DACA is broadly seen as a reasonable policy to protect young people who were brought to America as children but have obeyed our country’s laws as they build careers and families in pursuit of the American Dream.

For the most part, the President’s supporters in this action insist they oppose DACA on purely legal grounds. They emphatically resent being called racists. And yet I can’t help wondering how much of this opposition was motivated by a desire to rid our country of “foreigners” who don’t look like “us.”

We’ll see how this shakes out as Congress considers restoring DACA protections for “Dreamers” in the next few months. The President certainly deserves credit for announcing his support for such legislation.
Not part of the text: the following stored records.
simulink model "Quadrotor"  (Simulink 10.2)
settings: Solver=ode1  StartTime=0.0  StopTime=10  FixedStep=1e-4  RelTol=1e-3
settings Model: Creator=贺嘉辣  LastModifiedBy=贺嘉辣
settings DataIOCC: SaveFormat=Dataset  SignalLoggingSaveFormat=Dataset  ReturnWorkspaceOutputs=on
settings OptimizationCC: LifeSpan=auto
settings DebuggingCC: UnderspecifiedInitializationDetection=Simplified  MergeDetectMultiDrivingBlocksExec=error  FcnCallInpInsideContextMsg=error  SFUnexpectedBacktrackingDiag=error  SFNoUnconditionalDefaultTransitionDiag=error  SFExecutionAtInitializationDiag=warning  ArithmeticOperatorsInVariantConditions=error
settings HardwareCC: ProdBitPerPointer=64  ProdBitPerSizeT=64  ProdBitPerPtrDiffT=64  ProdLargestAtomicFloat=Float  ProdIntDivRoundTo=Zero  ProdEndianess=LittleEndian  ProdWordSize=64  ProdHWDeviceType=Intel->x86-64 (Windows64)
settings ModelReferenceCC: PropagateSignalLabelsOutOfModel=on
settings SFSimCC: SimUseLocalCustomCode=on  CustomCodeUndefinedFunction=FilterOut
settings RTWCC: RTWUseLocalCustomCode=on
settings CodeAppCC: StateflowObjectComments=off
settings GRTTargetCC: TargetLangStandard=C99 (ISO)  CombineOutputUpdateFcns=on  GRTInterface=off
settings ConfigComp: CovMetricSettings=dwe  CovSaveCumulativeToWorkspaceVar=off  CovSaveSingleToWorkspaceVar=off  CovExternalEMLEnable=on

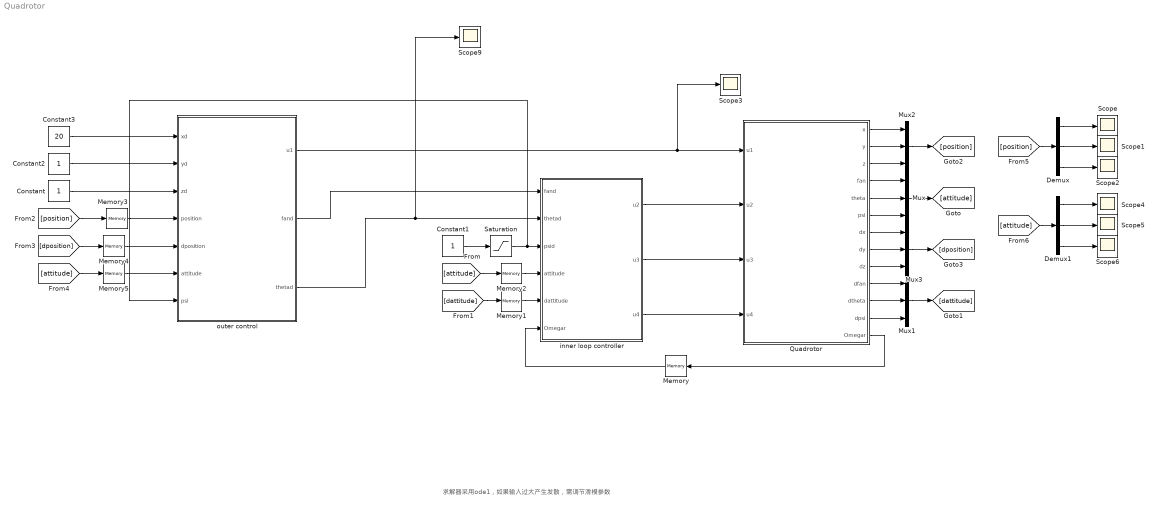
== system Quadrotor ==
  note: 求解器采用ode1，如果输入过大产生发散，需调节滑模参数
  Constant : Constant
  Constant1 : Constant
  Constant2 : Constant
  Constant3 : Constant  Value=20
  Demux : Demux  Outputs=3
  Demux1 : Demux  Outputs=3
  Memory{,1..5} (6 alike) : Memory
  Mux{,1..3} (4 alike) : Mux  Inputs=[1 1 1]
  Quadrotor : Subsystem  mask{m=0.65, g=9.8, Ixx=7.5e-3, Iyy=7.5e-3, Izz=1.3e-2, L=0.23, rho=3.1e-5, gama=7.5e-7, Ir=6e-5}
      mask prompts: m "无人机质量"; g "重力加速度"; Ixx "四旋翼绕X轴转动惯量"; Iyy "四旋翼绕Y轴转动惯量"; Izz "四旋翼绕Z轴转动惯量"; L "四旋翼臂长"; rho "四旋翼升力系数"; gama "空气阻力系数"; Ir "四旋翼转子转动惯量"
  Saturation : Saturate  UpperLimit=pi  LowerLimit=-pi
  Scope{,1..6,9} (8 alike) : Scope
  inner loop controller : Subsystem  mask{Ir=6e-5, Ixx=7.5e-3, Iyy=7.5e-3, Izz=1.3e-2}
      mask prompts: Ir "无人机转子惯量"; Ixx "无人机绕x轴转动惯量"; Iyy "无人机绕y轴转动惯量"; Izz "无人机绕z轴转动惯量"
  outer control : Subsystem  mask{m=0.65, g=9.8}
      mask prompts: m "无人机质量"; g "重力加速度"
  wires:
  inner loop controller/1(u2) -> Quadrotor/2(u2)
  inner loop controller/2(u3) -> Quadrotor/3(u3)
  Quadrotor/4(fan) -> Mux/1
  Quadrotor/5(theta) -> Mux/2
  Quadrotor/6(psi) -> Mux/3
  Mux/1 -> [attitude]
  Quadrotor/10(dfan) -> Mux1/1
  Quadrotor/11(dtheta) -> Mux1/2
  Quadrotor/12(dpsi) -> Mux1/3
  Mux1/1 -> [dattitude]
  [dattitude] -> Memory1/1
  [attitude] -> Memory2/1
  Quadrotor/13(Omegar) -> Memory/1
  Quadrotor/1(x) -> Mux2/1
  Quadrotor/2(y) -> Mux2/2
  Quadrotor/3(z) -> Mux2/3
  Mux2/1 -> [position]
  Memory/1 -> inner loop controller/6(Omegar)
  Memory1/1 -> inner loop controller/5(dattitude)
  Memory2/1 -> inner loop controller/4(attitude)
  Quadrotor/7(dx) -> Mux3/1
  Quadrotor/8(dy) -> Mux3/2
  Quadrotor/9(dz) -> Mux3/3
  Mux3/1 -> [dposition]
  [position] -> Memory3/1
  [dposition] -> Memory4/1
  Memory3/1 -> outer control/4(position)
  Memory4/1 -> outer control/5(dposition)
  [attitude] -> Memory5/1
  Memory5/1 -> outer control/6(attitude)
  Constant/1 -> outer control/3(zd)
  Constant1/1 -> Saturation/1
  Constant2/1 -> outer control/2(yd)
  Constant3/1 -> outer control/1(xd)
  inner loop controller/3(u4) -> Quadrotor/4(u4)
  outer control/2(fand) -> inner loop controller/1(fand)
  outer control/3(thetad) -> Scope9/1, inner loop controller/2(thetad)
  outer control/1(u1) -> Scope3/1, Quadrotor/1(u1)
  Saturation/1 -> outer control/7(psi), inner loop controller/3(psid)
  [position] -> Demux/1
  Demux/1 -> Scope/1
  Demux/2 -> Scope1/1
  Demux/3 -> Scope2/1
  [attitude] -> Demux1/1
  Demux1/3 -> Scope6/1
  Demux1/2 -> Scope5/1
  Demux1/1 -> Scope4/1

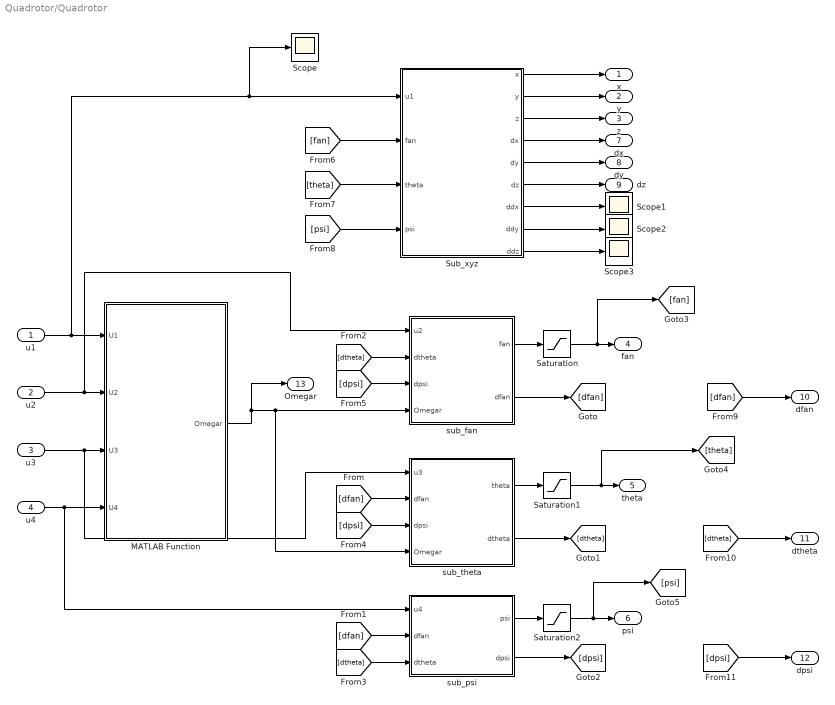
== system Quadrotor/Quadrotor ==
  u1 : Inport
  u2 : Inport  Port=2
  u3 : Inport  Port=3
  u4 : Inport  Port=4
  MATLAB Function : MATLAB Function  TreatAsAtomicUnit=on
  Saturation : Saturate  UpperLimit=pi/2  LowerLimit=-pi/2
  Saturation1 : Saturate  UpperLimit=pi/2  LowerLimit=-pi/2
  Saturation2 : Saturate  UpperLimit=pi  LowerLimit=-pi
  Scope{,1..3} (4 alike) : Scope
  Sub_xyz : Subsystem
  sub_fan : Subsystem
  sub_psi : Subsystem
  sub_theta : Subsystem
  x : Outport
  y : Outport  Port=2
  z : Outport  Port=3
  fan : Outport  Port=4
  theta : Outport  Port=5
  psi : Outport  Port=6
  dx : Outport  Port=7
  dy : Outport  Port=8
  dz : Outport  Port=9
  dfan : Outport  Port=10
  dtheta : Outport  Port=11
  dpsi : Outport  Port=12
  Omegar : Outport  Port=13
  wires:
  u2/1 -> sub_fan/1(u2), MATLAB Function/2(U2)
  u3/1 -> sub_theta/1(u3), MATLAB Function/3(U3)
  u4/1 -> sub_psi/1(u4), MATLAB Function/4(U4)
  sub_fan/1(fan) -> Saturation/1
  sub_theta/1(theta) -> Saturation1/1
  sub_psi/1(psi) -> Saturation2/1
  sub_fan/2(dfan) -> [dfan]
  [dfan] -> sub_theta/2(dfan)
  [dfan] -> sub_psi/2(dfan)
  sub_theta/2(dtheta) -> [dtheta]
  sub_psi/2(dpsi) -> [dpsi]
  [dtheta] -> sub_fan/2(dtheta)
  [dtheta] -> sub_psi/3(dtheta)
  [dpsi] -> sub_theta/3(dpsi)
  [dpsi] -> sub_fan/3(dpsi)
  u1/1 -> Scope/1, Sub_xyz/1(u1), MATLAB Function/1(U1)
  Sub_xyz/1(x) -> x/1
  Sub_xyz/2(y) -> y/1
  Sub_xyz/3(z) -> z/1
  [fan] -> Sub_xyz/2(fan)
  [theta] -> Sub_xyz/3(theta)
  [psi] -> Sub_xyz/4(psi)
  MATLAB Function/1(Omegar) -> Omegar/1, sub_theta/4(Omegar), sub_fan/4(Omegar)
  Sub_xyz/4(dx) -> dx/1
  Sub_xyz/5(dy) -> dy/1
  Sub_xyz/6(dz) -> dz/1
  [dfan] -> dfan/1
  [dtheta] -> dtheta/1
  [dpsi] -> dpsi/1
  Saturation/1 -> fan/1, [fan]
  Saturation1/1 -> theta/1, [theta]
  Saturation2/1 -> psi/1, [psi]
  Sub_xyz/7(ddx) -> Scope1/1
  Sub_xyz/8(ddy) -> Scope2/1
  Sub_xyz/9(ddz) -> Scope3/1

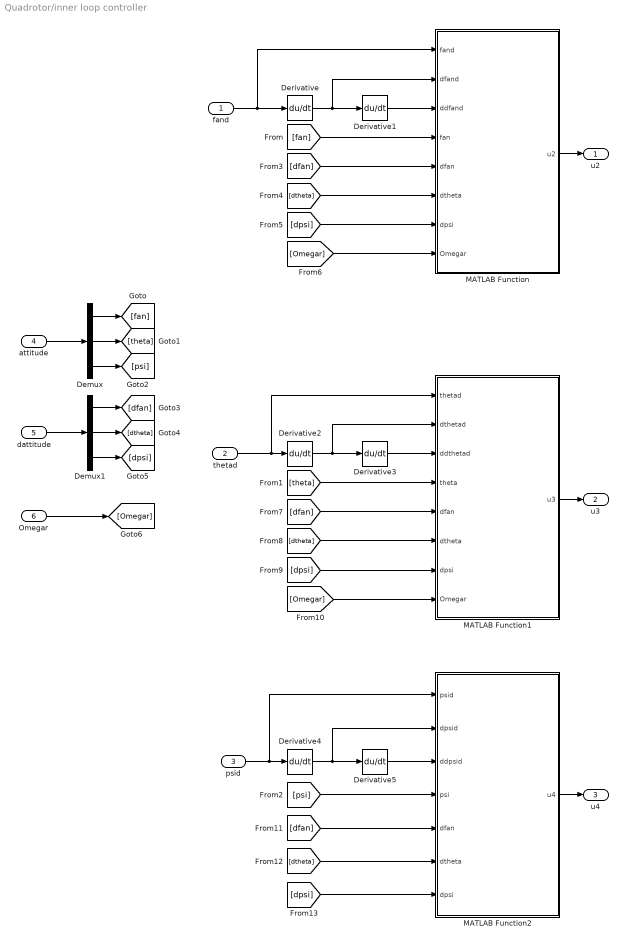
== system Quadrotor/inner loop controller ==
  fand : Inport
  thetad : Inport  Port=2
  psid : Inport  Port=3
  attitude : Inport  Port=4
  dattitude : Inport  Port=5
  Omegar : Inport  Port=6
  Demux : Demux  Outputs=[1 1 1]
  Demux1 : Demux  Outputs=[1 1 1]
  Derivative{,1..5} (6 alike) : Derivative
  MATLAB Function : MATLAB Function  TreatAsAtomicUnit=on
  MATLAB Function1 : MATLAB Function  TreatAsAtomicUnit=on
  MATLAB Function2 : MATLAB Function  TreatAsAtomicUnit=on
  u2 : Outport
  u3 : Outport  Port=2
  u4 : Outport  Port=3
  wires:
  fand/1 -> MATLAB Function/1(fand), Derivative/1
  Derivative/1 -> MATLAB Function/2(dfand), Derivative1/1
  Derivative1/1 -> MATLAB Function/3(ddfand)
  MATLAB Function/1(u2) -> u2/1
  attitude/1 -> Demux/1
  Demux/1 -> [fan]
  Demux/2 -> [theta]
  Demux/3 -> [psi]
  [fan] -> MATLAB Function/4(fan)
  dattitude/1 -> Demux1/1
  Demux1/3 -> [dpsi]
  Demux1/2 -> [dtheta]
  Demux1/1 -> [dfan]
  [dfan] -> MATLAB Function/5(dfan)
  [dtheta] -> MATLAB Function/6(dtheta)
  [dpsi] -> MATLAB Function/7(dpsi)
  Omegar/1 -> [Omegar]
  [Omegar] -> MATLAB Function/8(Omegar)
  Derivative2/1 -> MATLAB Function1/2(dthetad), Derivative3/1
  thetad/1 -> MATLAB Function1/1(thetad), Derivative2/1
  Derivative3/1 -> MATLAB Function1/3(ddthetad)
  MATLAB Function1/1(u3) -> u3/1
  [theta] -> MATLAB Function1/4(theta)
  [dfan] -> MATLAB Function1/5(dfan)
  [dtheta] -> MATLAB Function1/6(dtheta)
  [dpsi] -> MATLAB Function1/7(dpsi)
  [Omegar] -> MATLAB Function1/8(Omegar)
  Derivative4/1 -> MATLAB Function2/2(dpsid), Derivative5/1
  Derivative5/1 -> MATLAB Function2/3(ddpsid)
  psid/1 -> MATLAB Function2/1(psid), Derivative4/1
  [psi] -> MATLAB Function2/4(psi)
  [dpsi] -> MATLAB Function2/7(dpsi)
  [dtheta] -> MATLAB Function2/6(dtheta)
  [dfan] -> MATLAB Function2/5(dfan)
  MATLAB Function2/1(u4) -> u4/1

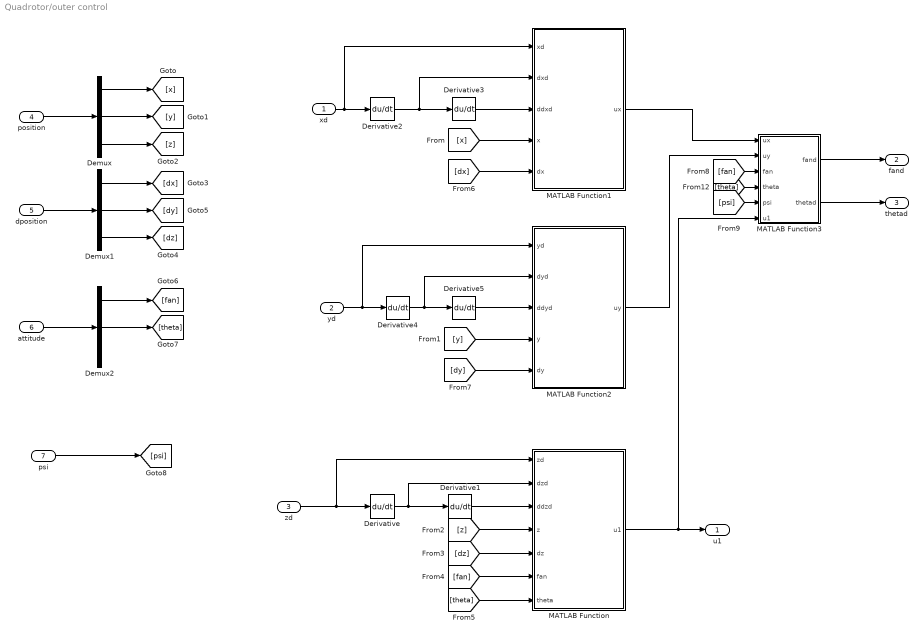
== system Quadrotor/outer control ==
  xd : Inport
  yd : Inport  Port=2
  zd : Inport  Port=3
  position : Inport  Port=4
  dposition : Inport  Port=5
  attitude : Inport  Port=6
  psi : Inport  Port=7
  Demux : Demux  Outputs=[1 1 1]
  Demux1 : Demux  Outputs=[1 1 1]
  Demux2 : Demux  Outputs=[1 1 1]
  Derivative{,1..5} (6 alike) : Derivative
  MATLAB Function : MATLAB Function  TreatAsAtomicUnit=on
  MATLAB Function1 : MATLAB Function  TreatAsAtomicUnit=on
  MATLAB Function2 : MATLAB Function  TreatAsAtomicUnit=on
  MATLAB Function3 : MATLAB Function  TreatAsAtomicUnit=on
  u1 : Outport
  fand : Outport  Port=2
  thetad : Outport  Port=3
  wires:
  zd/1 -> MATLAB Function/1(zd), Derivative/1
  Derivative/1 -> MATLAB Function/2(dzd), Derivative1/1
  position/1 -> Demux/1
  dposition/1 -> Demux1/1
  Demux/1 -> [x]
  Demux/2 -> [y]
  Demux/3 -> [z]
  Demux1/1 -> [dx]
  Demux1/3 -> [dz]
  Demux1/2 -> [dy]
  [z] -> MATLAB Function/4(z)
  [dz] -> MATLAB Function/5(dz)
  attitude/1 -> Demux2/1
  Demux2/1 -> [fan]
  Demux2/2 -> [theta]
  [fan] -> MATLAB Function/6(fan)
  [theta] -> MATLAB Function/7(theta)
  MATLAB Function/1(u1) -> MATLAB Function3/6(u1), u1/1
  Derivative2/1 -> MATLAB Function1/2(dxd), Derivative3/1
  xd/1 -> MATLAB Function1/1(xd), Derivative2/1
  [x] -> MATLAB Function1/4(x)
  [dx] -> MATLAB Function1/5(dx)
  yd/1 -> MATLAB Function2/1(yd), Derivative4/1
  Derivative4/1 -> MATLAB Function2/2(dyd), Derivative5/1
  [dy] -> MATLAB Function2/5(dy)
  [y] -> MATLAB Function2/4(y)
  MATLAB Function1/1(ux) -> MATLAB Function3/1(ux)
  MATLAB Function2/1(uy) -> MATLAB Function3/2(uy)
  [psi] -> MATLAB Function3/5(psi)
  MATLAB Function3/1(fand) -> fand/1
  MATLAB Function3/2(thetad) -> thetad/1
  [theta] -> MATLAB Function3/4(theta)
  [fan] -> MATLAB Function3/3(fan)
  Derivative3/1 -> MATLAB Function1/3(ddxd)
  Derivative5/1 -> MATLAB Function2/3(ddyd)
  Derivative1/1 -> MATLAB Function/3(ddzd)
  psi/1 -> [psi]

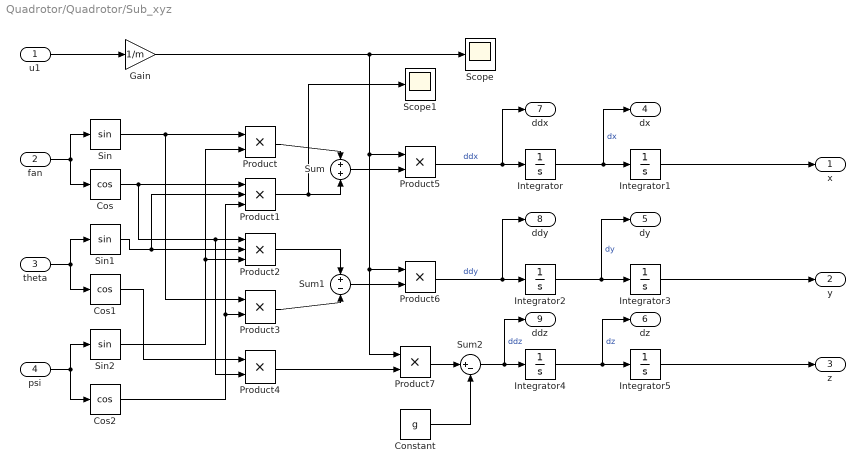
== system Quadrotor/Quadrotor/Sub_xyz ==
  u1 : Inport
  fan : Inport  Port=2
  theta : Inport  Port=3
  psi : Inport  Port=4
  Constant : Constant  Value=g
  Cos : Trigonometry  Operator=cos
  Cos1 : Trigonometry  Operator=cos
  Cos2 : Trigonometry  Operator=cos
  Gain : Gain  Gain=1/m
  Integrator{,1..5} (6 alike) : Integrator
  Product{,3..7} (6 alike) : Product
  Product1 : Product  Inputs=3
  Product2 : Product  Inputs=3
  Scope : Scope
  Scope1 : Scope
  Sin : Trigonometry
  Sin1 : Trigonometry
  Sin2 : Trigonometry
  Sum : Sum  Inputs=+|+
  Sum1 : Sum  Inputs=+|-
  Sum2 : Sum  Inputs=|+-
  x : Outport
  y : Outport  Port=2
  z : Outport  Port=3
  dx : Outport  Port=4
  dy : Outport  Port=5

In the meantime, I take comfort in learning that a comment by former President Barack Obama has become the most “liked” tweet of all time.

Invoking the late South African President Nelson Mandela, Obama wrote:

“No one is born hating another person because of the color of his skin or his background or his religion…”

Yes, you’ve got to be carefully taught.

I try my best to be careful about what I teach my three children. I teach them to respect, appreciate and cherish all human beings, in all their many varieties.

That’s the American way.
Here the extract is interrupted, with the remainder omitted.